Loved your talk. I related to all of it. A six pack and Call of Duty to feel a bit better. Ha! That has been my 30s and 40s! Ive done several 30 day no alcohol stints in the last couple of years. Every time I go back I feel horrible, even after a couple of drinks. Now in my late 40s, my body just doesn’t handle alcohol anymore. I need to try a longer stint like you did. The song at the end of your video…loved it. Neffex…looked them up and I love their music! I’m a new fan!
One day at a time buddy. Glad you enjoyed the talk!
I really identified with this video. I’m 42, have not drank for 6 weeks and I’m starting to feel the same way as you. I found what you had to say inspiring and genuine - so thanks!
I'm glad you found value in the video and are starting to feel better 😁😁
Great video bro. Im quitting again for the 94th time 😂. Ill keep quitting until i quit
Your video showed up in my feed this morning, great video thanks. I'm currently struggling with alcohol. I know the damage it is doing, I'm around alcohol all the time. End of the month I'm going across country to stay with a friend in a cabin for a month. My friend doesn't drink - my first thought was how do I bring alcohol and not look like a drunk! I hate it, everything about it. Now my thought is I will be around someone who doesn't drink, now is the time to start my process of quitting. As a person who has no family, no kids & very few friends it seems like it was always there for me. I've survived some crazy events that should've ended my life, I believe I am still here for a reason. Even if it is to simply be here for myself & start enjoying life. Congratulations on learning this while you are still young, I wish I had stopped years ago! Thank you for sharing your story.

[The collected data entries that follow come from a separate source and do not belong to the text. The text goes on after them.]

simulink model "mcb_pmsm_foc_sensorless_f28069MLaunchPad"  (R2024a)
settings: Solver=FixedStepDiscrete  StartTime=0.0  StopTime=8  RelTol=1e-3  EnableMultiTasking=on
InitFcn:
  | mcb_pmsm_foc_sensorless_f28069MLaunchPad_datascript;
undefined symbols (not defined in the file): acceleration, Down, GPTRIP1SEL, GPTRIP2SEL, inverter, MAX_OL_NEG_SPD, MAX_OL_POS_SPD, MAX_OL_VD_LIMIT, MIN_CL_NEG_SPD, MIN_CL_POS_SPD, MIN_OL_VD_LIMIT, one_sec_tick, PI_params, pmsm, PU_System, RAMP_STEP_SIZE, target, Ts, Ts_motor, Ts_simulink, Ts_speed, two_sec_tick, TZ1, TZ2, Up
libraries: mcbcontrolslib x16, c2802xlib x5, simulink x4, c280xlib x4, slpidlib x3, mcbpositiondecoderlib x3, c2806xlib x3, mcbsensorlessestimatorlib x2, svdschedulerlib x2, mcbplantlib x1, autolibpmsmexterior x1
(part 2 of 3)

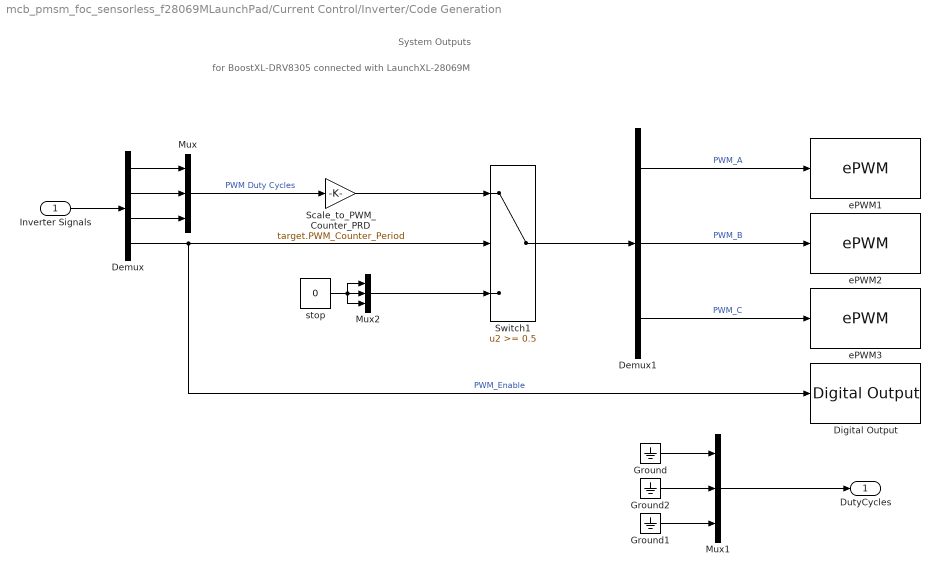
== system mcb_pmsm_foc_sensorless_f28069MLaunchPad/Current Control/Inverter/Code Generation ==
  note: for BoostXL-DRV8305 connected with LaunchXL-28069M
  note: System Outputs
  Inverter Signals : Inport
  Demux : Demux
  Demux1 : Demux  Outputs=3
  Digital Output : c2806xlib/Digital Output  GPIO_Number=GPIO50~GPIO55  GPIO_Bit0=off  GPIO_BIT0_Toggle=off  GPIO_Bit1=off  GPIO_BIT1_Toggle=off  GPIO_Bit2=on  GPIO_BIT2_Toggle=off  GPIO_Bit3=off  GPIO_BIT3_Toggle=off  GPIO_Bit4=off  GPIO_BIT4_Toggle=off  GPIO_Bit5=off  GPIO_BIT5_Toggle=off  GPIO_Bit6=off  GPIO_BIT6_Toggle=off  GPIO_Bit7=off  GPIO_BIT7_Toggle=off
  Ground : Ground
  Ground1 : Ground
  Ground2 : Ground
  Mux : Mux  Inputs=3
  Mux1 : Mux  Inputs=3
  Mux2 : Mux  Inputs=3
  Scale_to_PWM_Counter_PRD : Gain  Gain=target.PWM_Counter_Period  OutDataTypeStr=uint16  RndMeth=Simplest
  Switch1 : Switch  Threshold=0.5  SaturateOnIntegerOverflow=off  InputSameDT=off
  ePWM1 : c2802xlib/ePWM  PwmType=C2000  useModule=ePWM1  ePWMxLINKTBPRD=Not Linked  periodUnits=Clock cycles  timerSource=Specify via dialog  timerPeriod_clk=target.PWM_Counter_Period  timerPeriod_sec=64000  tbshadow=Counter equals to zero  countingMode=Up-Down  phaseActiveEnable=Disable  phaseDirection=Count down after sync  phaseActive=0  synchronizationEnable=off  dcaevt1Sync=off  dcbevt1Sync=off  synchronizationOption=Counter equals to zero (CTR=Zero)  dcbevt1SyncOut=off  dcaevt1SyncOut=off  cmpdSyncOut=off  cmpcSyncOut=off  cmpbSyncOut=off  zeroSyncOut=on  swfSyncOut=off  perSynchronizationOption=Counter equals to period (CTR=PRD)  clockPrescale=1  HSclockPrescale=1  enswap=off  ePWMxAStatus=on  ePWMxAactionLogic1=Do nothing  ePWMxAactionLogic2=Do nothing  ePWMxAactionLogic3=Clear  ePWMxAactionLogic4=Set  ePWMxAactionLogic5=Do nothing  ePWMxAactionLogic6=Do nothing  ePWMxACSFenable=off  ePWMxACSFvalue=Forcing disable  ePWMxASFreload=Zero  ePWMxBStatus=off  ePWMxBactionLogic1=Do nothing  ePWMxBactionLogic2=Set  ePWMxBactionLogic3=Do nothing  ePWMxBactionLogic4=Do nothing  ePWMxBactionLogic5=Clear  ePWMxBactionLogic6=Do nothing  ePWMxBCSFenable=off  ePWMxBCSFvalue=Forcing disable  ePWMxBSFreload=Zero  ePWNxBOutWay=off  ePWMxLINKCMPA=Not Linked  CMPAUnits=Clock cycles  CMPASource=Input port  CMPAValue_per=32000  CMPAValue_clk=floor(target.PWM_Counter_Period/2+1)  enCMPAshadow=Counter equals to zero (CTR=Zero)  ePWMxLINKCMPB=Not Linked  CMPBUnits=Clock cycles  CMPBSource=Specify via dialog  CMPBValue_per=50  CMPBValue_clk=floor(target.PWM_Counter_Period/2+1)  enCMPBshadow=Counter equals to zero (CTR=Zero)  ePWMxLINKCMPC=Not Linked  CMPCUnits=Clock cycles  CMPCSource=Specify via dialog  CMPCValue_per=50  CMPCValue_clk=32000  enCMPCshadow=Counter equals to zero (CTR=Zero)  ePWMxLINKCMPD=Not Linked  CMPDUnits=Clock cycles  CMPDSource=Specify via dialog  CMPDValue_per=50  CMPDValue_clk=32000  enCMPDshadow=Counter equals to zero (CTR=Zero)  enableDBePWMxA=on  enableDBePWMxB=on  enhalfcycle=off  DBpolarity=Active high complementary (AHC)  DBedgeDelay=Positive  DBSource_ePWMxA=ePWMxA  DBSource_ePWMxB=ePWMxA  DBPeriodUnits=Clock cycles  DBperiodSource=Specify via dialog  REDperiod=15  FEDperiod=15  REDperiod_sec=0  FEDperiod_sec=0  LoadModeDBRED=Immediate without using shadow  LoadModeDBFED=Immediate without using shadow  adcstartModuleA=on  adcrequestEventA=First event  adcstartEventA=Counter equals to period (CTR=PRD)  adcstartEventA_type2=Digital Compare Module A Event 1 start of conversion (DCAEVT1.soc)  adcstartModuleB=off  adcrequestEventB=First event  adcstartEventB=Counter equals to zero (CTR=Zero)  adcstartEventB_type2=Counter equals to zero (CTR=Zero)  intEn=off  intPrd=First event  intSel=Counter equals to zero (CTR=Zero)  intSel_type2=Counter equals to zero (CTR=Zero)  hrpe=off  enHRPWM=off  HRPWM_LoadMode=Counter equals to period (CTR=PRD)  HRPWM_CTLMode=Duty or Period control mode  HRPWM_EDGMode=Both edge  hrpeb=off  enHRPWMB=off  HRPWM_LoadModeB=Counter equals to zero (CTR=ZERO)  HRPWM_CTLModeB=Duty or Period control mode  HRPWM_EDGModeB=Both edge  enHRDBRED=off  enHRDBFED=off  enSFO=on  enautoconv=on  chopperEnable=off  chopperFrequency=1  chopperFirstwidth=1  chopperDuty=12.5%  tripZonesource=Specify via dialog  tzselOSHT1=off  tzselOSHT2=off  tzselOSHT3=off  tzselOSHT4=off  tzselOSHT5=off  tzselOSHT6=off  tzselOSHDCAEV1=off  tzselOSHDCBEV1=off  tzselCBC1=off  tzselCBC2=off  tzselCBC3=off  tzselCBC4=off  tzselCBC5=off  tzselCBC6=off  tzselCBCDCAEV2=off  tzselCBCDCBEV2=off  enTzOstIntr=off  enTzCbcIntr=off  enTzDCAEVT1Intr=off  enTzDCAEVT2Intr=off  enTzDCBEVT1Intr=off  enTzDCBEVT2Intr=off  tzclrCBCLatch=Counter equals to zero (CTR=Zero)  ePWMxAforced=No action  ePWMxBforced=No action  DCAEVT1forced=No action  DCBEVT1forced=No action  DCAEVT2forced=No action  DCBEVT2forced=No action  dcah=Trip Zone 1 input (TZ1)  dcal=Trip Zone 2 input (TZ2)  dcbh=Trip Zone 1 input (TZ1)  dcbl=Trip Zone 2 input (TZ2)  dcah_type2=GPTRIP1SEL/(TZ1)  dcal_type2=GPTRIP2SEL/(TZ2)  dcbh_type2=GPTRIP1SEL/(TZ1)  dcbl_type2=GPTRIP2SEL/(TZ2)  gendcaevt1=Event disabled  gendcaevt2=Event disabled  gendcbevt1=Event disabled  gendcbevt2=Event disabled  dcaevt1src=DCAEVT1 with sync  dcaevt2src=DCAEVT2 with sync  dcbevt1src=DCBEVT1 with sync  dcbevt2src=DCBEVT2 with sync  pulsesel=Counter equals to zero (CTR=Zero)  blankinv=off  blankoffset=0  blankwidth=0  evsrcsel=Filtered version of DCAEVT1 (DCAEVT1FILT)  encape=off
  ePWM2 : c2802xlib/ePWM  PwmType=C2000  useModule=ePWM2  ePWMxLINKTBPRD=Not Linked  periodUnits=Clock cycles  timerSource=Specify via dialog  timerPeriod_clk=target.PWM_Counter_Period  timerPeriod_sec=64000  tbshadow=Counter equals to zero  countingMode=Up-Down  phaseActiveEnable=Set counter to phase value specified via dialog  phaseDirection=Count up after sync  phaseActive=0  synchronizationEnable=off  dcaevt1Sync=off  dcbevt1Sync=off  synchronizationOption=Pass through (EPWMxSYNCI or SWFSYNC)  dcbevt1SyncOut=off  dcaevt1SyncOut=off  cmpdSyncOut=off  cmpcSyncOut=off  cmpbSyncOut=off  zeroSyncOut=off  swfSyncOut=on  perSynchronizationOption=Counter equals to period (CTR=PRD)  clockPrescale=1  HSclockPrescale=1  enswap=off  ePWMxAStatus=on  ePWMxAactionLogic1=Do nothing  ePWMxAactionLogic2=Do nothing  ePWMxAactionLogic3=Clear  ePWMxAactionLogic4=Set  ePWMxAactionLogic5=Do nothing  ePWMxAactionLogic6=Do nothing  ePWMxACSFenable=off  ePWMxACSFvalue=Forcing disable  ePWMxASFreload=Zero  ePWMxBStatus=off  ePWMxBactionLogic1=Do nothing  ePWMxBactionLogic2=Set  ePWMxBactionLogic3=Do nothing  ePWMxBactionLogic4=Do nothing  ePWMxBactionLogic5=Clear  ePWMxBactionLogic6=Do nothing  ePWMxBCSFenable=off  ePWMxBCSFvalue=Forcing disable  ePWMxBSFreload=Zero  ePWNxBOutWay=off  ePWMxLINKCMPA=Not Linked  CMPAUnits=Clock cycles  CMPASource=Input port  CMPAValue_per=32000  CMPAValue_clk=floor(target.PWM_Counter_Period/2+1)  enCMPAshadow=Counter equals to zero (CTR=Zero)  ePWMxLINKCMPB=Not Linked  CMPBUnits=Clock cycles  CMPBSource=Specify via dialog  CMPBValue_per=50  CMPBValue_clk=floor(target.PWM_Counter_Period/2+1)  enCMPBshadow=Counter equals to zero (CTR=Zero)  ePWMxLINKCMPC=Not Linked  CMPCUnits=Clock cycles  CMPCSource=Specify via dialog  CMPCValue_per=50  CMPCValue_clk=32000  enCMPCshadow=Counter equals to zero (CTR=Zero)  ePWMxLINKCMPD=Not Linked  CMPDUnits=Clock cycles  CMPDSource=Specify via dialog  CMPDValue_per=50  CMPDValue_clk=32000  enCMPDshadow=Counter equals to zero (CTR=Zero)  enableDBePWMxA=on  enableDBePWMxB=on  enhalfcycle=off  DBpolarity=Active high complementary (AHC)  DBedgeDelay=Positive  DBSource_ePWMxA=ePWMxA  DBSource_ePWMxB=ePWMxA  DBPeriodUnits=Clock cycles  DBperiodSource=Specify via dialog  REDperiod=15  FEDperiod=15  REDperiod_sec=0  FEDperiod_sec=0  LoadModeDBRED=Immediate without using shadow  LoadModeDBFED=Immediate without using shadow  adcstartModuleA=off  adcrequestEventA=First event  adcstartEventA=Digital Compare Module A Event 1 start of conversion (DCAEVT1.soc)  adcstartEventA_type2=Digital Compare Module A Event 1 start of conversion (DCAEVT1.soc)  adcstartModuleB=off  adcrequestEventB=First event  adcstartEventB=Counter equals to zero (CTR=Zero)  adcstartEventB_type2=Counter equals to zero (CTR=Zero)  intEn=off  intPrd=First event  intSel=Counter equals to zero (CTR=Zero)  intSel_type2=Counter equals to zero (CTR=Zero)  hrpe=off  enHRPWM=off  HRPWM_LoadMode=Counter equals to period (CTR=PRD)  HRPWM_CTLMode=Duty or Period control mode  HRPWM_EDGMode=Both edge  hrpeb=off  enHRPWMB=off  HRPWM_LoadModeB=Counter equals to zero (CTR=ZERO)  HRPWM_CTLModeB=Duty or Period control mode  HRPWM_EDGModeB=Both edge  enHRDBRED=off  enHRDBFED=off  enSFO=on  enautoconv=on  chopperEnable=off  chopperFrequency=1  chopperFirstwidth=1  chopperDuty=12.5%  tripZonesource=Specify via dialog  tzselOSHT1=off  tzselOSHT2=off  tzselOSHT3=off  tzselOSHT4=off  tzselOSHT5=off  tzselOSHT6=off  tzselOSHDCAEV1=off  tzselOSHDCBEV1=off  tzselCBC1=off  tzselCBC2=off  tzselCBC3=off  tzselCBC4=off  tzselCBC5=off  tzselCBC6=off  tzselCBCDCAEV2=off  tzselCBCDCBEV2=off  enTzOstIntr=off  enTzCbcIntr=off  enTzDCAEVT1Intr=off  enTzDCAEVT2Intr=off  enTzDCBEVT1Intr=off  enTzDCBEVT2Intr=off  tzclrCBCLatch=Counter equals to zero (CTR=Zero)  ePWMxAforced=No action  ePWMxBforced=No action  DCAEVT1forced=No action  DCBEVT1forced=No action  DCAEVT2forced=No action  DCBEVT2forced=No action  dcah=Trip Zone 1 input (TZ1)  dcal=Trip Zone 2 input (TZ2)  dcbh=Trip Zone 1 input (TZ1)  dcbl=Trip Zone 2 input (TZ2)  dcah_type2=GPTRIP1SEL/(TZ1)  dcal_type2=GPTRIP2SEL/(TZ2)  dcbh_type2=GPTRIP1SEL/(TZ1)  dcbl_type2=GPTRIP2SEL/(TZ2)  gendcaevt1=Event disabled  gendcaevt2=Event disabled  gendcbevt1=Event disabled  gendcbevt2=Event disabled  dcaevt1src=DCAEVT1 with sync  dcaevt2src=DCAEVT2 with sync  dcbevt1src=DCBEVT1 with sync  dcbevt2src=DCBEVT2 with sync  pulsesel=Counter equals to zero (CTR=Zero)  blankinv=off  blankoffset=0  blankwidth=0  evsrcsel=Filtered version of DCAEVT1 (DCAEVT1FILT)  encape=off
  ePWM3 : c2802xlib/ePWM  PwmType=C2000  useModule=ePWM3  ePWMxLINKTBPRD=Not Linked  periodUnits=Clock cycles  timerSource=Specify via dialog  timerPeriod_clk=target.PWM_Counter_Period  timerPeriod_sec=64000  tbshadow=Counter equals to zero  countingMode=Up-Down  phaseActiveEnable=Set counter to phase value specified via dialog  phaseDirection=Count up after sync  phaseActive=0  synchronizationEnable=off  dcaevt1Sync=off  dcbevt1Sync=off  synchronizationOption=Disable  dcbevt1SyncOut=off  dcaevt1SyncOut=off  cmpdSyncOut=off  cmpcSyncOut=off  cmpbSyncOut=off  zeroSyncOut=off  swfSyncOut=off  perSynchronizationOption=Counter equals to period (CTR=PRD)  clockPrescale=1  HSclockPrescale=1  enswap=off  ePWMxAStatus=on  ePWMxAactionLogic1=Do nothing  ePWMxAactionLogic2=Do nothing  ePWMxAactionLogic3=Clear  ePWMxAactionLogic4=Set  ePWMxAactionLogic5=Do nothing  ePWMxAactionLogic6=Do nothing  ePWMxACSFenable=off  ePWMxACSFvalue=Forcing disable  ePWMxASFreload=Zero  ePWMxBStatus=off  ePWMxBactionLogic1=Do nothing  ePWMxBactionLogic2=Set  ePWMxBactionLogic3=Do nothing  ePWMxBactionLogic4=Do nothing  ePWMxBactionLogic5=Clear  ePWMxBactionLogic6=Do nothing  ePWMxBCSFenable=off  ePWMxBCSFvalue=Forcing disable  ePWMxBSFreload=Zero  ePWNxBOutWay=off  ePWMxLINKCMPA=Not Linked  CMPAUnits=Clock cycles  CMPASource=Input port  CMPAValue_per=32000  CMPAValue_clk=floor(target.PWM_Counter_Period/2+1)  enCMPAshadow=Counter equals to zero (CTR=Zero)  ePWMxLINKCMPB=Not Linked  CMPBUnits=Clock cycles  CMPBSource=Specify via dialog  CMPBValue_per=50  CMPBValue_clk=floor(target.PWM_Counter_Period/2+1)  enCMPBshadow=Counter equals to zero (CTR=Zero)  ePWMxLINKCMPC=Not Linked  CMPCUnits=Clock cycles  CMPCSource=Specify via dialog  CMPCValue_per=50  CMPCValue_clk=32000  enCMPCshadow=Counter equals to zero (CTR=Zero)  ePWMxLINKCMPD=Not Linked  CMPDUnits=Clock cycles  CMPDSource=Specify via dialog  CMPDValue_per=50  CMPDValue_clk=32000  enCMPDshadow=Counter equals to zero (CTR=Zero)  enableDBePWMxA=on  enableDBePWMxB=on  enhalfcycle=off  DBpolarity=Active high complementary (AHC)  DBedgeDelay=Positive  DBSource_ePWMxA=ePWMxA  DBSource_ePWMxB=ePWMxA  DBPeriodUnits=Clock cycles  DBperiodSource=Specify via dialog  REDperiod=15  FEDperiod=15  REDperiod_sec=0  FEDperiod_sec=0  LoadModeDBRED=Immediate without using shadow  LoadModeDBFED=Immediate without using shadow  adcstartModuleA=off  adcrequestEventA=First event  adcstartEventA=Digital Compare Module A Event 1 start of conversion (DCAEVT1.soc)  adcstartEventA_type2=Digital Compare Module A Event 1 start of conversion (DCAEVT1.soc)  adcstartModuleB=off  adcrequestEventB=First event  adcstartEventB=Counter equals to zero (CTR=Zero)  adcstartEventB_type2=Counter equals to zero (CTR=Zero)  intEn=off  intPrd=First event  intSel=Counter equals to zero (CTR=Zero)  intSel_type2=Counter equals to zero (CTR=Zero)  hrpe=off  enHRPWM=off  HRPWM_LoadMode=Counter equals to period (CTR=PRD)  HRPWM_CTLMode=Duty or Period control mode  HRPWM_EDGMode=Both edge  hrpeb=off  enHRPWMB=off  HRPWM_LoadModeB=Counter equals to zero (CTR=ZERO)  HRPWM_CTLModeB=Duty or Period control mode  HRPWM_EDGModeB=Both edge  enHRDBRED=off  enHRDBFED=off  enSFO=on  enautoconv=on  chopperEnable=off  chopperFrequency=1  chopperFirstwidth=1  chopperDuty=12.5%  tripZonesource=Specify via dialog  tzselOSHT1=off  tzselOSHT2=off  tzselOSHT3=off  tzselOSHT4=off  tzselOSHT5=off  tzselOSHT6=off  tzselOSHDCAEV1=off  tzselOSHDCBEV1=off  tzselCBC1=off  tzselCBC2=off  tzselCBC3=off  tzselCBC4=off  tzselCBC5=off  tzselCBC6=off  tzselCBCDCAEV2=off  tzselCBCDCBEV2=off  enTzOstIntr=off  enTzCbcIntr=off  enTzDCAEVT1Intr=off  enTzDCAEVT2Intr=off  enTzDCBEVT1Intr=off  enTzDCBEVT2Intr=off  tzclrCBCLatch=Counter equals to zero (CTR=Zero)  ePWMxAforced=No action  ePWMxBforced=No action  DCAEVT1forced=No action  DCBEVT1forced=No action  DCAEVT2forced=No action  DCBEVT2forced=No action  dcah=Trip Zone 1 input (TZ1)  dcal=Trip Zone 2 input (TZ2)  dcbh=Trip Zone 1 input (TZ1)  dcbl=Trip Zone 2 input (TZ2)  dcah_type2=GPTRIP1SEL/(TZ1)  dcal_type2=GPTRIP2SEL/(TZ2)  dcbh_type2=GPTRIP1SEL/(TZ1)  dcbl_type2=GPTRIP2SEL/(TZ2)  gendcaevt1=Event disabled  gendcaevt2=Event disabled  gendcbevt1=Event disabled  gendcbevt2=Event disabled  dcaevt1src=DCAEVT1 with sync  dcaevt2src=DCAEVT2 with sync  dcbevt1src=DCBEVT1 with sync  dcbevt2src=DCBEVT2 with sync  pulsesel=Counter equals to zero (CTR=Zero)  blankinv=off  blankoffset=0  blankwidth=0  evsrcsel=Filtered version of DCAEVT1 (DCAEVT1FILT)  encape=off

Best of luck on your journey as well! Stay strong friend!
I've always had that fear of falling into the sky! I know exactly what you're talking about!
Awwwww XD
Recovering alcoholic here, for me the anxiety, lack of sleep, guilt, feeling like shit, lack of motivation, co existence with other disorders and ruining relationships
This is an eye opener! I stopped drink during the week a while back. And for me it has been a good thing but I never thought that drinking on the weekend could possibly be contributing to my anxiety and depression. Maybe since I do feel better from cutting back, I never thought I could actually change my mood. I also suffer from sever insomnia. It’s a lot to think about but my emotional health is worth a try.
I think the alcohol industry has given us a story of fun, glamorous & luxurious lifestyles with alcohol. You can have the same thing without alcohol. It’s too risky and 50 percent of violent deaths are alcohol related! 😮 I picked up again after I quit for a few years. I’m quitting again starting today!
Lets goo!! Get back on the horse! Yeah there's def some mainstream brainwashing going on
I could have written many parts of this video. Truly eye-opening. Thank you for sharing.